Orozco believes that, though the development of major institutions like the Blanton and the Contemporary is a net positive for the entire Austin art community, there needs to be more collaboration between larger museums and smaller venues. “We’re the ones that have to create the market,” she says. “We’re all in it together.”

Annette Carlozzi, a former Blanton curator who is now writing a book on the Texas art scene for the University of Texas Press, takes the optimist’s perspective, arguing that the necessary conditions for an Austin art market are now beginning to emerge, if tenuously. She points to an explosion of new critical writing about Austin art and the first sightings of real collectors at the higher-end galleries in town.

“Whether they have a second or a third home here, or they’ve just moved here in retirement, or they came here because of the tech industry, they’re here now, and they’re looking to buy art,” Carlozzi says, mentioning the Kleins, top donors for Austin, who arrived in Austin from Houston in the mid-aughts. “It looks like there’s a foundation beginning to be formed.”

Ellsworth Kelly Austin
Another of three sets of stained-glass windows in the building.

Although Blanton-associated observers like Wicha, Foster, and Carlozzi anticipate the Kelly piece’s impact on the international art world, the deepest resonance of Austin will lie in how locals observe it and bond with it over time. “It’s not an ornamented building,” Foster says. “There’s not much going on.

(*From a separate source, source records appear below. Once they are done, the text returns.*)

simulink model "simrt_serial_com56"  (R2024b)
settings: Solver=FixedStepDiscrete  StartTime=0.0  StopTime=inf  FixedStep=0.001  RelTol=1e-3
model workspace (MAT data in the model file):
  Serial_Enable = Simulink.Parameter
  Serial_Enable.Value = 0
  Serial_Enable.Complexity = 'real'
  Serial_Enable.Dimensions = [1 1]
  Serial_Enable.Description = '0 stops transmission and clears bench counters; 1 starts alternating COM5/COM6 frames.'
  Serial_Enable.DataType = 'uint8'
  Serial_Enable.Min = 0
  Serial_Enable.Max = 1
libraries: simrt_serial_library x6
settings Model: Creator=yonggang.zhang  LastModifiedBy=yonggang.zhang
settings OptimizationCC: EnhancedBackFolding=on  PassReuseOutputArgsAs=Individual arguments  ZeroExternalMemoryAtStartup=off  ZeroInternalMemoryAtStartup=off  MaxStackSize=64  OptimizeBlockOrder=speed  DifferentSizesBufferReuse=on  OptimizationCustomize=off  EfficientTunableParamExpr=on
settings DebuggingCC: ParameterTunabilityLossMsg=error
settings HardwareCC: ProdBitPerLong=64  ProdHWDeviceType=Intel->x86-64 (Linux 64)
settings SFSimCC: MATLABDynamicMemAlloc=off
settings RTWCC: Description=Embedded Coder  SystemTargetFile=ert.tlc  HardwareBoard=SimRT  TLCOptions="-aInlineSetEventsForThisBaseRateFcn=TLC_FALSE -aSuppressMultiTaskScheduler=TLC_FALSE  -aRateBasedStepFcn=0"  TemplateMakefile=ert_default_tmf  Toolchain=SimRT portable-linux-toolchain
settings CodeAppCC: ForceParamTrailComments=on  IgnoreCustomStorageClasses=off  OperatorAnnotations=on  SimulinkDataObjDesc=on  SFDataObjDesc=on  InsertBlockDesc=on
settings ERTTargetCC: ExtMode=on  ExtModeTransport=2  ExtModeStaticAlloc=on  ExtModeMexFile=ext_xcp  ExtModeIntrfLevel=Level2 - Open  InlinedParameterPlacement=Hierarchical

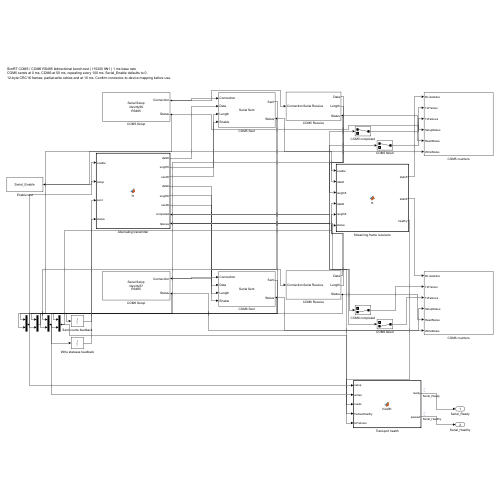
[thumbnail: Simulink's stored preview of the top-level diagram]
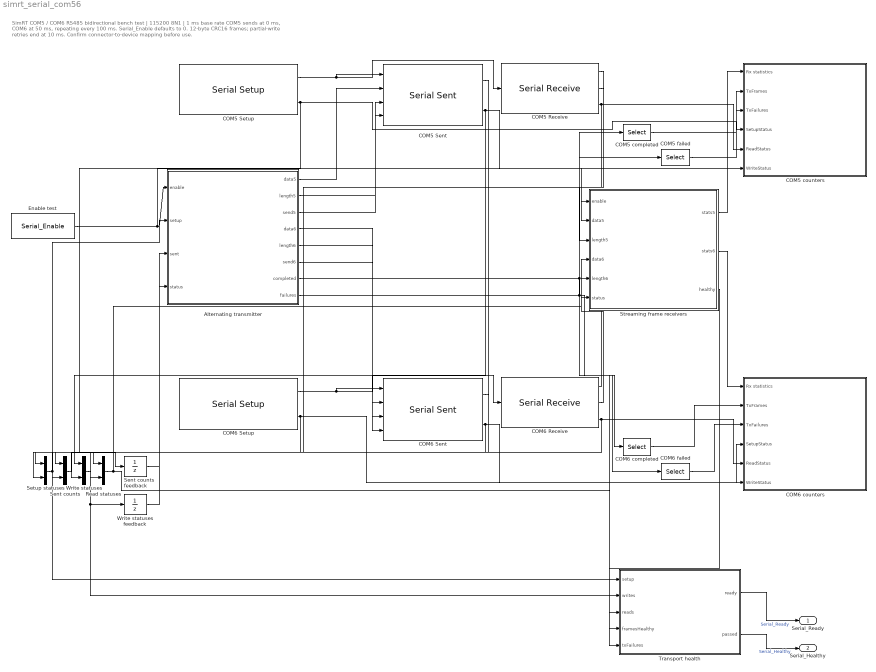
== system simrt_serial_com56 ==
  note: SimRT COM5 / COM6 RS485 bidirectional bench test | 115200 8N1 | 1 ms base rate
      | COM5 sends at 0 ms, COM6 at 50 ms, repeating every 100 ms. Serial_Enable defaults to 0.
      | 12-byte CRC16 frames; partial-write retries end at 10 ms. Confirm connector-to-device mapping before use.
  Alternating transmitter : MATLAB Function  TreatAsAtomicUnit=on
  COM5 Receive : simrt_serial_library/Serial Receive  BufferSize=64
  COM5 Sent : simrt_serial_library/Serial Sent
  COM5 Setup : simrt_serial_library/Serial Setup  Device=/dev/ttyS6  BaudRate=115200  DataBits=8  Parity=None  StopBits=1  Mode=RS485  RS485Direction=Hardware auto  RTSOnSend=true  DelayBeforeSendMs=0  DelayAfterSendMs=0  SampleTime=0.001
  COM5 completed : Selector  InputPortWidth=2  IndexOptions=Index vector (dialog)  Indices=1  OutputSizes=1
  COM5 counters : Subsystem
  COM5 failed : Selector  InputPortWidth=2  IndexOptions=Index vector (dialog)  Indices=1  OutputSizes=1
  COM6 Receive : simrt_serial_library/Serial Receive  BufferSize=64
  COM6 Sent : simrt_serial_library/Serial Sent
  COM6 Setup : simrt_serial_library/Serial Setup  Device=/dev/ttyS7  BaudRate=115200  DataBits=8  Parity=None  StopBits=1  Mode=RS485  RS485Direction=Hardware auto  RTSOnSend=true  DelayBeforeSendMs=0  DelayAfterSendMs=0  SampleTime=0.001
  COM6 completed : Selector  InputPortWidth=2  IndexOptions=Index vector (dialog)  Indices=2  OutputSizes=1
  COM6 counters : Subsystem
  COM6 failed : Selector  InputPortWidth=2  IndexOptions=Index vector (dialog)  Indices=2  OutputSizes=1
  Enable test : Constant  Value=Serial_Enable  SampleTime=0.001
  Read statuses : Mux  Inputs=2
  Sent counts : Mux  Inputs=2
  Sent counts feedback : UnitDelay  InitialCondition=uint32(0)  SampleTime=0.001  HasFrameUpgradeWarning=on
  Setup statuses : Mux  Inputs=2
  Streaming frame receivers : MATLAB Function  TreatAsAtomicUnit=on
  Transport health : MATLAB Function  TreatAsAtomicUnit=on
  Write statuses : Mux  Inputs=2
  Write statuses feedback : UnitDelay  InitialCondition=int32(0)  SampleTime=0.001  HasFrameUpgradeWarning=on
  Serial_Ready : Outport
  Serial_Healthy : Outport  Port=2
  wires:
  COM5 Setup/1 -> COM5 Sent/1, COM5 Receive/1
  Alternating transmitter/1(data5) -> COM5 Sent/2
  Alternating transmitter/2(length5) -> COM5 Sent/3
  Alternating transmitter/3(send5) -> COM5 Sent/4
  COM5 Receive/1 -> Streaming frame receivers/2(data5)
  COM5 Receive/2 -> Streaming frame receivers/3(length5)
  Streaming frame receivers/1(stats5) -> COM5 counters/1(Rx statistics)
  Alternating transmitter/7(completed) -> COM5 completed/1, COM6 completed/1
  Alternating transmitter/8(failures) -> COM5 failed/1, COM6 failed/1, Transport health/5(txFailures)
  COM5 completed/1 -> COM5 counters/2(TxFrames)
  COM5 failed/1 -> COM5 counters/3(TxFailures)
  COM5 Setup/2 -> COM5 counters/4(SetupStatus), Setup statuses/1
  COM5 Receive/3 -> COM5 counters/5(ReadStatus), Read statuses/1
  COM5 Sent/2 -> COM5 counters/6(WriteStatus), Write statuses/1
  COM6 Setup/1 -> COM6 Sent/1, COM6 Receive/1
  Alternating transmitter/4(data6) -> COM6 Sent/2
  Alternating transmitter/5(length6) -> COM6 Sent/3
  Alternating transmitter/6(send6) -> COM6 Sent/4
  COM6 Receive/1 -> Streaming frame receivers/4(data6)
  COM6 Receive/2 -> Streaming frame receivers/5(length6)
  Streaming frame receivers/2(stats6) -> COM6 counters/1(Rx statistics)
  COM6 completed/1 -> COM6 counters/2(TxFrames)
  COM6 failed/1 -> COM6 counters/3(TxFailures)
  COM6 Setup/2 -> COM6 counters/4(SetupStatus), Setup statuses/2
  COM6 Receive/3 -> COM6 counters/5(ReadStatus), Read statuses/2
  COM6 Sent/2 -> COM6 counters/6(WriteStatus), Write statuses/2
  COM5 Sent/1 -> Sent counts/1
  COM6 Sent/1 -> Sent counts/2
  Sent counts/1 -> Sent counts feedback/1
  Write statuses/1 -> Write statuses feedback/1, Transport health/2(writes)
  Enable test/1 -> Alternating transmitter/1(enable), Streaming frame receivers/1(enable)
  Setup statuses/1 -> Alternating transmitter/2(setup), Transport health/1(setup)
  Sent counts feedback/1 -> Alternating transmitter/3(sent)
  Write statuses feedback/1 -> Alternating transmitter/4(status)
  Read statuses/1 -> Streaming frame receivers/6(status), Transport health/3(reads)
  Streaming frame receivers/3(healthy) -> Transport health/4(framesHealthy)
  Transport health/1(ready) -> Serial_Ready/1  "Serial_Ready"
  Transport health/2(passed) -> Serial_Healthy/1  "Serial_Healthy"

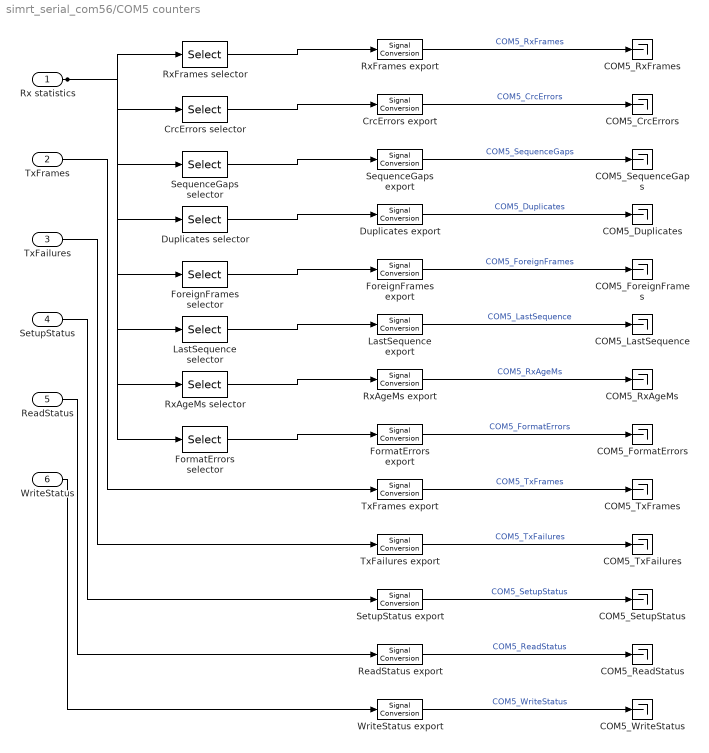
== system simrt_serial_com56/COM5 counters ==
  Rx statistics : Inport
  TxFrames : Inport  Port=2
  TxFailures : Inport  Port=3
  SetupStatus : Inport  Port=4
  ReadStatus : Inport  Port=5
  WriteStatus : Inport  Port=6
  COM5_CrcErrors : Terminator
  COM5_Duplicates : Terminator
  COM5_ForeignFrames : Terminator
  COM5_FormatErrors : Terminator
  COM5_LastSequence : Terminator
  COM5_ReadStatus : Terminator
  COM5_RxAgeMs : Terminator
  COM5_RxFrames : Terminator
  COM5_SequenceGaps : Terminator
  COM5_SetupStatus : Terminator
  COM5_TxFailures : Terminator
  COM5_TxFrames : Terminator
  COM5_WriteStatus : Terminator
  CrcErrors export : SignalConversion  OverrideOpt=off
  CrcErrors selector : Selector  InputPortWidth=8  IndexOptions=Index vector (dialog)  Indices=2  OutputSizes=1
  Duplicates export : SignalConversion  OverrideOpt=off
  Duplicates selector : Selector  InputPortWidth=8  IndexOptions=Index vector (dialog)  Indices=4  OutputSizes=1
  ForeignFrames export : SignalConversion  OverrideOpt=off
  ForeignFrames selector : Selector  InputPortWidth=8  IndexOptions=Index vector (dialog)  Indices=5  OutputSizes=1
  FormatErrors export : SignalConversion  OverrideOpt=off
  FormatErrors selector : Selector  InputPortWidth=8  IndexOptions=Index vector (dialog)  Indices=8  OutputSizes=1
  LastSequence export : SignalConversion  OverrideOpt=off
  LastSequence selector : Selector  InputPortWidth=8  IndexOptions=Index vector (dialog)  Indices=6  OutputSizes=1
  ReadStatus export : SignalConversion  OverrideOpt=off
  RxAgeMs export : SignalConversion  OverrideOpt=off
  RxAgeMs selector : Selector  InputPortWidth=8  IndexOptions=Index vector (dialog)  Indices=7  OutputSizes=1
  RxFrames export : SignalConversion  OverrideOpt=off
  RxFrames selector : Selector  InputPortWidth=8  IndexOptions=Index vector (dialog)  Indices=1  OutputSizes=1
  SequenceGaps export : SignalConversion  OverrideOpt=off
  SequenceGaps selector : Selector  InputPortWidth=8  IndexOptions=Index vector (dialog)  Indices=3  OutputSizes=1
  SetupStatus export : SignalConversion  OverrideOpt=off
  TxFailures export : SignalConversion  OverrideOpt=off
  TxFrames export : SignalConversion  OverrideOpt=off
  WriteStatus export : SignalConversion  OverrideOpt=off
  wires:
  Rx statistics/1 -> RxFrames selector/1, CrcErrors selector/1, SequenceGaps selector/1, Duplicates selector/1, ForeignFrames selector/1, LastSequence selector/1, RxAgeMs selector/1, FormatErrors selector/1
  RxFrames selector/1 -> RxFrames export/1
  RxFrames export/1 -> COM5_RxFrames/1  "COM5_RxFrames"
  CrcErrors selector/1 -> CrcErrors export/1
  CrcErrors export/1 -> COM5_CrcErrors/1  "COM5_CrcErrors"
  SequenceGaps selector/1 -> SequenceGaps export/1
  SequenceGaps export/1 -> COM5_SequenceGaps/1  "COM5_SequenceGaps"
  Duplicates selector/1 -> Duplicates export/1
  Duplicates export/1 -> COM5_Duplicates/1  "COM5_Duplicates"
  ForeignFrames selector/1 -> ForeignFrames export/1
  ForeignFrames export/1 -> COM5_ForeignFrames/1  "COM5_ForeignFrames"
  LastSequence selector/1 -> LastSequence export/1
  LastSequence export/1 -> COM5_LastSequence/1  "COM5_LastSequence"
  RxAgeMs selector/1 -> RxAgeMs export/1
  RxAgeMs export/1 -> COM5_RxAgeMs/1  "COM5_RxAgeMs"
  FormatErrors selector/1 -> FormatErrors export/1
  FormatErrors export/1 -> COM5_FormatErrors/1  "COM5_FormatErrors"
  TxFrames/1 -> TxFrames export/1
  TxFrames export/1 -> COM5_TxFrames/1  "COM5_TxFrames"
  TxFailures/1 -> TxFailures export/1
  TxFailures export/1 -> COM5_TxFailures/1  "COM5_TxFailures"
  SetupStatus/1 -> SetupStatus export/1
  SetupStatus export/1 -> COM5_SetupStatus/1  "COM5_SetupStatus"
  ReadStatus/1 -> ReadStatus export/1
  ReadStatus export/1 -> COM5_ReadStatus/1  "COM5_ReadStatus"
  WriteStatus/1 -> WriteStatus export/1
  WriteStatus export/1 -> COM5_WriteStatus/1  "COM5_WriteStatus"

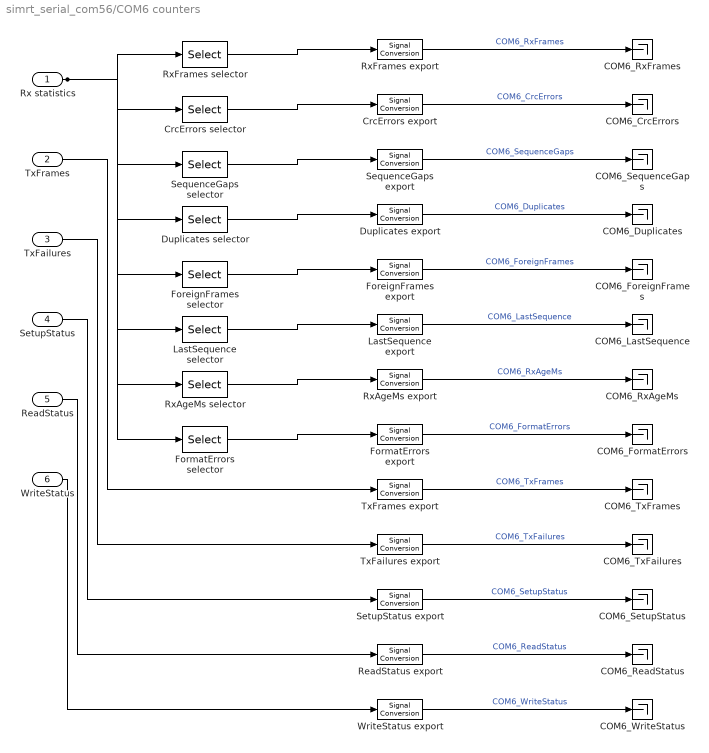
== system simrt_serial_com56/COM6 counters ==
  Rx statistics : Inport
  TxFrames : Inport  Port=2
  TxFailures : Inport  Port=3
  SetupStatus : Inport  Port=4
  ReadStatus : Inport  Port=5
  WriteStatus : Inport  Port=6
  COM6_CrcErrors : Terminator
  COM6_Duplicates : Terminator
  COM6_ForeignFrames : Terminator
  COM6_FormatErrors : Terminator
  COM6_LastSequence : Terminator
  COM6_ReadStatus : Terminator
  COM6_RxAgeMs : Terminator
  COM6_RxFrames : Terminator
  COM6_SequenceGaps : Terminator
  COM6_SetupStatus : Terminator
  COM6_TxFailures : Terminator
  COM6_TxFrames : Terminator
  COM6_WriteStatus : Terminator
  CrcErrors export : SignalConversion  OverrideOpt=off
  CrcErrors selector : Selector  InputPortWidth=8  IndexOptions=Index vector (dialog)  Indices=2  OutputSizes=1
  Duplicates export : SignalConversion  OverrideOpt=off
  Duplicates selector : Selector  InputPortWidth=8  IndexOptions=Index vector (dialog)  Indices=4  OutputSizes=1
  ForeignFrames export : SignalConversion  OverrideOpt=off
  ForeignFrames selector : Selector  InputPortWidth=8  IndexOptions=Index vector (dialog)  Indices=5  OutputSizes=1
  FormatErrors export : SignalConversion  OverrideOpt=off
  FormatErrors selector : Selector  InputPortWidth=8  IndexOptions=Index vector (dialog)  Indices=8  OutputSizes=1
  LastSequence export : SignalConversion  OverrideOpt=off
  LastSequence selector : Selector  InputPortWidth=8  IndexOptions=Index vector (dialog)  Indices=6  OutputSizes=1
  ReadStatus export : SignalConversion  OverrideOpt=off
  RxAgeMs export : SignalConversion  OverrideOpt=off
  RxAgeMs selector : Selector  InputPortWidth=8  IndexOptions=Index vector (dialog)  Indices=7  OutputSizes=1
  RxFrames export : SignalConversion  OverrideOpt=off
  RxFrames selector : Selector  InputPortWidth=8  IndexOptions=Index vector (dialog)  Indices=1  OutputSizes=1
  SequenceGaps export : SignalConversion  OverrideOpt=off
  SequenceGaps selector : Selector  InputPortWidth=8  IndexOptions=Index vector (dialog)  Indices=3  OutputSizes=1
  SetupStatus export : SignalConversion  OverrideOpt=off
  TxFailures export : SignalConversion  OverrideOpt=off
  TxFrames export : SignalConversion  OverrideOpt=off
  WriteStatus export : SignalConversion  OverrideOpt=off
  wires:
  Rx statistics/1 -> RxFrames selector/1, CrcErrors selector/1, SequenceGaps selector/1, Duplicates selector/1, ForeignFrames selector/1, LastSequence selector/1, RxAgeMs selector/1, FormatErrors selector/1
  RxFrames selector/1 -> RxFrames export/1
  RxFrames export/1 -> COM6_RxFrames/1  "COM6_RxFrames"
  CrcErrors selector/1 -> CrcErrors export/1
  CrcErrors export/1 -> COM6_CrcErrors/1  "COM6_CrcErrors"
  SequenceGaps selector/1 -> SequenceGaps export/1
  SequenceGaps export/1 -> COM6_SequenceGaps/1  "COM6_SequenceGaps"
  Duplicates selector/1 -> Duplicates export/1
  Duplicates export/1 -> COM6_Duplicates/1  "COM6_Duplicates"
  ForeignFrames selector/1 -> ForeignFrames export/1
  ForeignFrames export/1 -> COM6_ForeignFrames/1  "COM6_ForeignFrames"
  LastSequence selector/1 -> LastSequence export/1
  LastSequence export/1 -> COM6_LastSequence/1  "COM6_LastSequence"
  RxAgeMs selector/1 -> RxAgeMs export/1
  RxAgeMs export/1 -> COM6_RxAgeMs/1  "COM6_RxAgeMs"
  FormatErrors selector/1 -> FormatErrors export/1
  FormatErrors export/1 -> COM6_FormatErrors/1  "COM6_FormatErrors"
  TxFrames/1 -> TxFrames export/1
  TxFrames export/1 -> COM6_TxFrames/1  "COM6_TxFrames"
  TxFailures/1 -> TxFailures export/1
  TxFailures export/1 -> COM6_TxFailures/1  "COM6_TxFailures"
  SetupStatus/1 -> SetupStatus export/1
  SetupStatus export/1 -> COM6_SetupStatus/1  "COM6_SetupStatus"
  ReadStatus/1 -> ReadStatus export/1
  ReadStatus export/1 -> COM6_ReadStatus/1  "COM6_ReadStatus"
  WriteStatus/1 -> WriteStatus export/1
  WriteStatus export/1 -> COM6_WriteStatus/1  "COM6_WriteStatus"

== matlab function simrt_serial_com56/Streaming frame receivers ==
  data: enable input; stats5 output; data5 input; length5 input; data6 input; length6 input; status input; stats6 output; healthy output
function [stats5, stats6, healthy] = rx(enable, data5, length5, data6, length6, status)
[stats5, stats6, healthy] = simrtlinux.serial.duplexReceive(enable, data5, length5, data6, length6, status);
end

== matlab function simrt_serial_com56/Alternating transmitter ==
  data: enable input; data5 output; setup input; sent input; status input; length5 output; send5 output; data6 output; length6 output; send6 output; completed output; failures output
function [data5, length5, send5, data6, length6, send6, completed, failures] = tx(enable, setup, sent, status)
[data5, length5, send5, data6, length6, send6, completed, failures] = simrtlinux.serial.duplexTransmit(enable, setup, sent, status);
end

== matlab function simrt_serial_com56/Transport health ==
  data: setup input; ready output; writes input; reads input; framesHealthy input; txFailures input; passed output
function [ready, passed] = health(setup, writes, reads, framesHealthy, txFailures)
ready = all(setup == 0) && all(reads == 0) && all(writes == 0 | writes == -11);
passed = ready && framesHealthy && all(txFailures == 0);
end

What really goes on is the way it changes with the changing light conditions and the seasons. The shadows, and particularly the way the light comes in through the stained glass—that’s going to be revealed to us over the next year, which is exciting and kind of amazing. It is like a sundial, almost. The experience of it is deeply tied to nature and the universe.”

As Rothko’s serious, meditative engagement with black oils inadvertently reflects something of Houston’s present-day cultural preoccupations, will Kelly’s weightless rainbows and iPhone-sleek white surfaces come to epitomize something about what Austin is or wants to be? Will the building eventually be viewed as a magnet for a growing, multidimensional art community or as a memorial marker for the old, weird Austin scene?

It’s impossible to say with any certainty what the long-term meaning or impact of the piece will be. That’s the thrill of the present unveiling. But already Austin signals one important change: the city’s newfound capacity to make sophisticated, open-ended investments in the arts.

“The opening of the Kelly building is a real cultural achievement,” Carlozzi says. “It is a destination to which people will come from around the world. I just went to the new Austin Central Library. It was so exciting to see. My husband and I were just saying, ‘This is the Austin that Austin has wanted to be for so long.’ You finally can see it in one place, and you can feel it and be part of it. The Kelly building is so, so different in character. But the ambition of both is thrilling and astonishing, and I don’t think it could have happened—obviously didn’t happen—in Austin until this moment.”